_Records from a dataset_:

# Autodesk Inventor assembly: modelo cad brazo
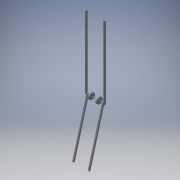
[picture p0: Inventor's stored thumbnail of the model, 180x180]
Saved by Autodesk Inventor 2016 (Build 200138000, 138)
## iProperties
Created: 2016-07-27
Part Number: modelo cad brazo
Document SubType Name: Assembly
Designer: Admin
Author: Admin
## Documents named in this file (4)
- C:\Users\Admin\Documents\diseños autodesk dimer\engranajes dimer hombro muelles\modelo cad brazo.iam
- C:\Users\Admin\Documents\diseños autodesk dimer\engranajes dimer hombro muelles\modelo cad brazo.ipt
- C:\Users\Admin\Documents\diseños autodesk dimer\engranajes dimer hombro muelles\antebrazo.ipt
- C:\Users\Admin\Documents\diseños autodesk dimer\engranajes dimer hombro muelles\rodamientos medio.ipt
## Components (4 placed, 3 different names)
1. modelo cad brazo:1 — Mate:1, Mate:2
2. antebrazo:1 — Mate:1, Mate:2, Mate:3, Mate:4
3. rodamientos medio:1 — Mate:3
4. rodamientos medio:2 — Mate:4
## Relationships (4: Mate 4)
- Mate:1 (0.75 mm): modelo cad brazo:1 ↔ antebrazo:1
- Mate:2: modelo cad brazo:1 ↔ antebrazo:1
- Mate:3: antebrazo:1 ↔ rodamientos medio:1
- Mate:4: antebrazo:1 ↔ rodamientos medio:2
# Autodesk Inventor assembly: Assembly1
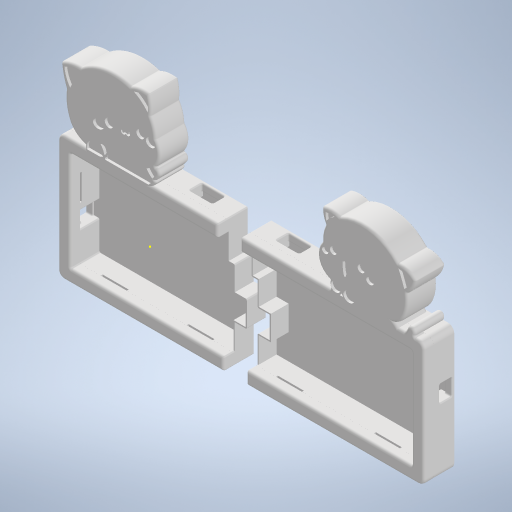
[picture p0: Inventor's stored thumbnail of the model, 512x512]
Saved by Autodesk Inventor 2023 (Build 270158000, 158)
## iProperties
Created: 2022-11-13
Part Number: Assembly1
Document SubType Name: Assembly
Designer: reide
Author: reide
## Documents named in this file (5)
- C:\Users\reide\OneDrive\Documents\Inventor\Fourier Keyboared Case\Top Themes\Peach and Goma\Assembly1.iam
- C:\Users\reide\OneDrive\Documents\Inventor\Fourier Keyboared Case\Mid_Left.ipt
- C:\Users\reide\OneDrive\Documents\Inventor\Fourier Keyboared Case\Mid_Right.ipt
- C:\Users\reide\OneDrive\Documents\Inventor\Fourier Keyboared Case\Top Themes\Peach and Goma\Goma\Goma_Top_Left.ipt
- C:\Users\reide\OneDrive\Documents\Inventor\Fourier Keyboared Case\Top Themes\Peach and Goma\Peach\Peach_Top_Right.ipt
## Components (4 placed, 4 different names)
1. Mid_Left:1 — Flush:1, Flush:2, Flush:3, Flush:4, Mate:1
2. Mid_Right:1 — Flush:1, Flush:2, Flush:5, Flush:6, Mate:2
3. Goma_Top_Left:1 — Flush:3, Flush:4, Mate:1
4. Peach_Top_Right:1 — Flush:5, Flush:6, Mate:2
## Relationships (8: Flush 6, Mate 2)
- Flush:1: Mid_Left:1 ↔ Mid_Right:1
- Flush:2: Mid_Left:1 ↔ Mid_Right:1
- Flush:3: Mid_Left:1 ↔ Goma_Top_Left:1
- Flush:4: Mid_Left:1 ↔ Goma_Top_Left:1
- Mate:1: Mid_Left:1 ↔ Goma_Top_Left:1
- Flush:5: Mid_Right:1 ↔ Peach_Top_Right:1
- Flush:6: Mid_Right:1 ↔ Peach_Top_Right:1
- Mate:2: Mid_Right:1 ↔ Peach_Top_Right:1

_DIRECTIONS_:
Tally the lines of the data that contain the string "Themes", and report nothing but the tally.

_RESPONSE AREA_:
3